*Exercise details*.
With the line containing "line L39 (26, 9.5) -> (23.5, 12)" as the start and the line containing "line L58 (27, 9.5) -> (26, 9.5)" as the end, transcribe that span of the entries below exactly, including both.
----
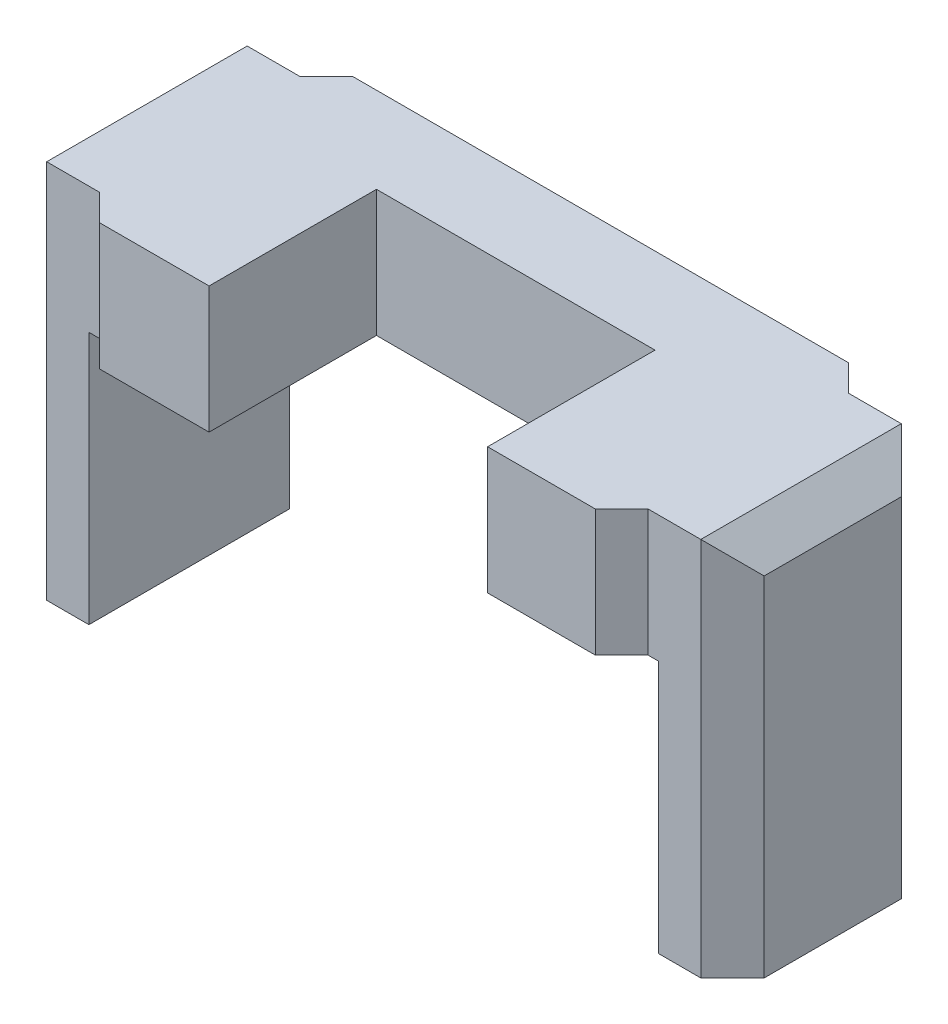
SolidWorks part; units mm, degrees
ref_plane "Front Plane" through (0, 0, 0) normal (0, 0, 1) x (1, 0, 0)
ref_plane "Top Plane" through (0, 0, 0) normal (0, 1, 0) x (1, 0, 0)
ref_plane "Right Plane" through (0, 0, 0) normal (1, 0, 0) x (0, 0, -1)
sketch "Sketch1" plane through (0, 0, 0) normal (0, 1, 0) x (1, 0, 0)
  line L0 (-12.75, 0) -> (12.75, 0) construction
  line L1 (-26, 12) -> (26, 12)
  line L2 (-26, 12) -> (-26, -12)
  line L3 (-26, -12) -> (26, -12)
  line L4 (26, 12) -> (26, -12)
  line L5 (-26, 12) -> (26, -12) construction
  line L6 (-26, -12) -> (26, 12) construction
  circle A0 centre (12.75, 0) radius 8.25
  circle A1 centre (-12.75, 0) radius 8.25
  point P0 (0, 0)
  point P9 (0, 0)
  dimension "D3" = 16.5
  dimension "D1" = 52
  dimension "D2" = 24
  dimension "D4" = 25.5
extrude "Boss-Extrude1" add sketch "Sketch1" along normal blind 12
sketch "Sketch2" plane through (0, 12, 0) normal (0, 1, 0) x (1, 0, 0)
  line L1 (-21.35, 8.85) -> (21.35, 8.85) construction
  line L2 (-21.35, 8.85) -> (-21.35, -8.85) construction
  line L3 (-21.35, -8.85) -> (21.35, -8.85) construction
  line L4 (21.35, 8.85) -> (21.35, -8.85) construction
  line L5 (-21.35, 8.85) -> (21.35, -8.85) construction
  line L6 (-21.35, -8.85) -> (21.35, 8.85) construction
  circle A0 centre (-21.35, 8.85) radius 1
  circle A1 centre (21.35, 8.85) radius 1
  circle A2 centre (21.35, -8.85) radius 1
  circle A3 centre (-21.35, -8.85) radius 1
  point P0 (0, 0)
  dimension "D3" = 2
  dimension "D1" = 17.7
  dimension "D2" = 42.7
extrude "Cut-Extrude1" cut sketch "Sketch2" against normal through all
sketch "Sketch3" plane through (0, 12, 0) normal (0, 1, 0) x (1, 0, 0)
  circle A20 centre (-21.35, 8.85) radius 1.75
  circle A21 centre (21.35, 8.85) radius 1.75
  circle A23 centre (21.35, -8.85) radius 1.75
  circle A24 centre (-21.35, -8.85) radius 1.75
  dimension "D1" = 3.5
extrude "Cut-Extrude2" cut sketch "Sketch3" against normal blind 1
sketch "Sketch4" plane through (0, 0, 0) normal (0, -1, 0) x (1, 0, 0)
  line L0 (26, -12) -> (-26, -12) construction
  line L1 (-6, -12) -> (6, -12)
  line L2 (-6, -12) -> (-6, -5)
  line L3 (-6, -5) -> (6, -5)
  line L4 (6, -12) -> (6, -5)
  line L5 (0, -5) -> (0, 0)
  line M14 (-26, -12) -> (26, -12)
  dimension "D1" = 7
  dimension "D2" = 12
extrude "Cut-Extrude3" cut sketch "Sketch4" against normal blind 5 contours L4 L3 L2 M14
fillet "Fillet3" radius 0.5 5 edges at (-6, 5, -8.5) (6, 5, -8.5) (6, 2.5, -5) (0, 5, -5) (-6, 2.5, -5)
chamfer "Chamfer1" distance 2.5 4 edges at (26, 6, 12) (26, 6, -12) (-26, 6, -12) (-26, 6, 12)
sketch "Sketch5" plane through (-26, 0, 0) normal (-1, 0, 0) x (0, 0, 1)
  line L4 (9.5, 12) -> (-9.5, 12)
  line L5 (-9.5, 12) -> (-9.5, 0)
  line L6 (-9.5, 0) -> (9.5, 0)
  line L7 (9.5, 0) -> (9.5, 12)
  line L8 (9.5, 12) -> (-9.5, 12)
  line L9 (-9.5, 12) -> (-9.5, 0)
  line L10 (-9.5, 0) -> (9.5, 0)
  line L11 (9.5, 0) -> (9.5, 12)
  dimension "D1" = 0
extrude "Boss-Extrude2" add sketch "Sketch5" along normal blind 8
sketch "Sketch6" plane through (0, 0, 0) normal (0, -1, 0) x (1, 0, 0)
  line L0 (-34, 9.5) -> (-34, -9.5)
  line L1 (-34, 9.5) -> (-26, 9.5) construction
  line L2 (-34, -9.5) -> (-34, 9.5) construction
  line L3 (-34, -9.5) -> (-27, -9.5)
  line L4 (-34, -9.5) -> (-26, -9.5) construction
  line L5 (-27, -9.5) -> (-27, 9.5)
  line L6 (-27, 9.5) -> (-34, 9.5)
  dimension "D1" = 7
extrude "Boss-Extrude3" add sketch "Sketch6" along normal blind 24 contours L6 L0 L3 L5
chamfer "Chamfer2" distance 3 angle 45 3 edges at (-34, -6, -9.5) (-34, -6, 9.5) (-34, 12, 0)
mirror "Mirror1" about plane through (0, 0, 0) normal (1, 0, 0) of "Boss-Extrude3", "Boss-Extrude2", "Chamfer2"
sketch "Sketch7" plane through (0, 0, 0) normal (0, -1, 0) x (1, 0, 0)
  line L0 (-23.5, 12) -> (23.5, 12) construction
  line L1 (-7, 16) -> (7, 16)
  line L2 (-7, 16) -> (-7, 8)
  line L3 (-7, 8) -> (7, 8)
  line L4 (7, 16) -> (7, 8)
  line L5 (-7, 16) -> (7, 8) construction
  line L6 (-7, 8) -> (7, 16) construction
  point P0 (0, 12)
  dimension "D1" = 8
  dimension "D2" = 14
extrude "Cut-Extrude4" cut sketch "Sketch7" against normal up to surface (5 mm away) up to face at (0, 5, -8.75)
fillet "Fillet4" radius 0.5 5 edges at (-7, 5, 10) (-7, 2.5, 8) (7, 5, 10) (7, 2.5, 8) (0, 5, 8)
sketch "Sketch8" plane through (0, 0, 0) normal (0, -1, 0) x (1, 0, 0)
  line L0 (-7, 12) -> (7, 12)
  line L1 (-6, -12) -> (6, -12)
  line L20 (23.5, 12) -> (7, 12)
  line L21 (7, 12) -> (7, 8.5)
  line L22 (6.5, 8) -> (-6.5, 8)
  line L23 (-7, 8.5) -> (-7, 12)
  line L24 (-7, 12) -> (-23.5, 12)
  line L25 (-23.5, 12) -> (-26, 9.5)
  line L26 (-26, 9.5) -> (-27, 9.5)
  line L27 (-27, 9.5) -> (-27, -9.5)
  line L28 (-27, -9.5) -> (-26, -9.5)
  line L29 (-26, -9.5) -> (-23.5, -12)
  line L30 (-23.5, -12) -> (-6, -12)
  line L31 (-6, -12) -> (-6, -5.5)
  line L32 (-5.5, -5) -> (5.5, -5)
  line L33 (6, -5.5) -> (6, -12)
  line L34 (6, -12) -> (23.5, -12)
  line L35 (23.5, -12) -> (26, -9.5)
  line L36 (26, -9.5) -> (27, -9.5)
  line L37 (27, -9.5) -> (27, 9.5)
  line L38 (27, 9.5) -> (26, 9.5)
  line L39 (26, 9.5) -> (23.5, 12)
  line L40 (23.5, 12) -> (7, 12)
  line L44 (-7, 12) -> (-23.5, 12)
  line L45 (-23.5, 12) -> (-26, 9.5)
  line L46 (-26, 9.5) -> (-27, 9.5)
  line L47 (-27, 9.5) -> (-27, -9.5)
  line L48 (-27, -9.5) -> (-26, -9.5)
  line L49 (-26, -9.5) -> (-23.5, -12)
  line L50 (-23.5, -12) -> (-6, -12)
  line L54 (6, -12) -> (23.5, -12)
  line L55 (23.5, -12) -> (26, -9.5)
  line L56 (26, -9.5) -> (27, -9.5)
  line L57 (27, -9.5) -> (27, 9.5)
  line L58 (27, 9.5) -> (26, 9.5)
  line L59 (26, 9.5) -> (23.5, 12)
  arc A4 (6.5, 8) -> (7, 8.5) centre (6.5, 8.5) ccw
  arc A5 (-7, 8.5) -> (-6.5, 8) centre (-6.5, 8.5) ccw
  arc A6 (-5.5, -5) -> (-6, -5.5) centre (-5.5, -5.5) ccw
  arc A7 (6, -5.5) -> (5.5, -5) centre (5.5, -5.5) ccw
  dimension "D1" = 0
extrude "Boss-Extrude4" add sketch "Sketch8" against normal up to surface (12 mm away) up to face at (-21.35, 12, 10.6)
sketch "Sketch9" plane through (0, 0, 0) normal (0, -1, 0) x (1, 0, 0)
  line L4 (-13.1098, -3.8664) -> (13.2892, -3.8664)
  line L5 (13.2892, -3.8664) -> (13.2892, 12.1336)
  line L6 (13.2892, 12.1336) -> (-13.1098, 12.1336)
  line L7 (-13.1098, 12.1336) -> (-13.1098, -3.8664)
  line L8 (-13.1098, -3.8664) -> (13.2892, -3.8664)
  line L9 (13.2892, -3.8664) -> (13.2892, 12.1336)
  line L10 (13.2892, 12.1336) -> (-13.1098, 12.1336)
  line L11 (-13.1098, 12.1336) -> (-13.1098, -3.8664)
  dimension "D1" = 0
extrude "Cut-Extrude5" cut sketch "Sketch9" against normal blind 13 contours L8 L11 L10 L9
----
*Response*.
  line L39 (26, 9.5) -> (23.5, 12)
  line L40 (23.5, 12) -> (7, 12)
  line L44 (-7, 12) -> (-23.5, 12)
  line L45 (-23.5, 12) -> (-26, 9.5)
  line L46 (-26, 9.5) -> (-27, 9.5)
  line L47 (-27, 9.5) -> (-27, -9.5)
  line L48 (-27, -9.5) -> (-26, -9.5)
  line L49 (-26, -9.5) -> (-23.5, -12)
  line L50 (-23.5, -12) -> (-6, -12)
  line L54 (6, -12) -> (23.5, -12)
  line L55 (23.5, -12) -> (26, -9.5)
  line L56 (26, -9.5) -> (27, -9.5)
  line L57 (27, -9.5) -> (27, 9.5)
  line L58 (27, 9.5) -> (26, 9.5)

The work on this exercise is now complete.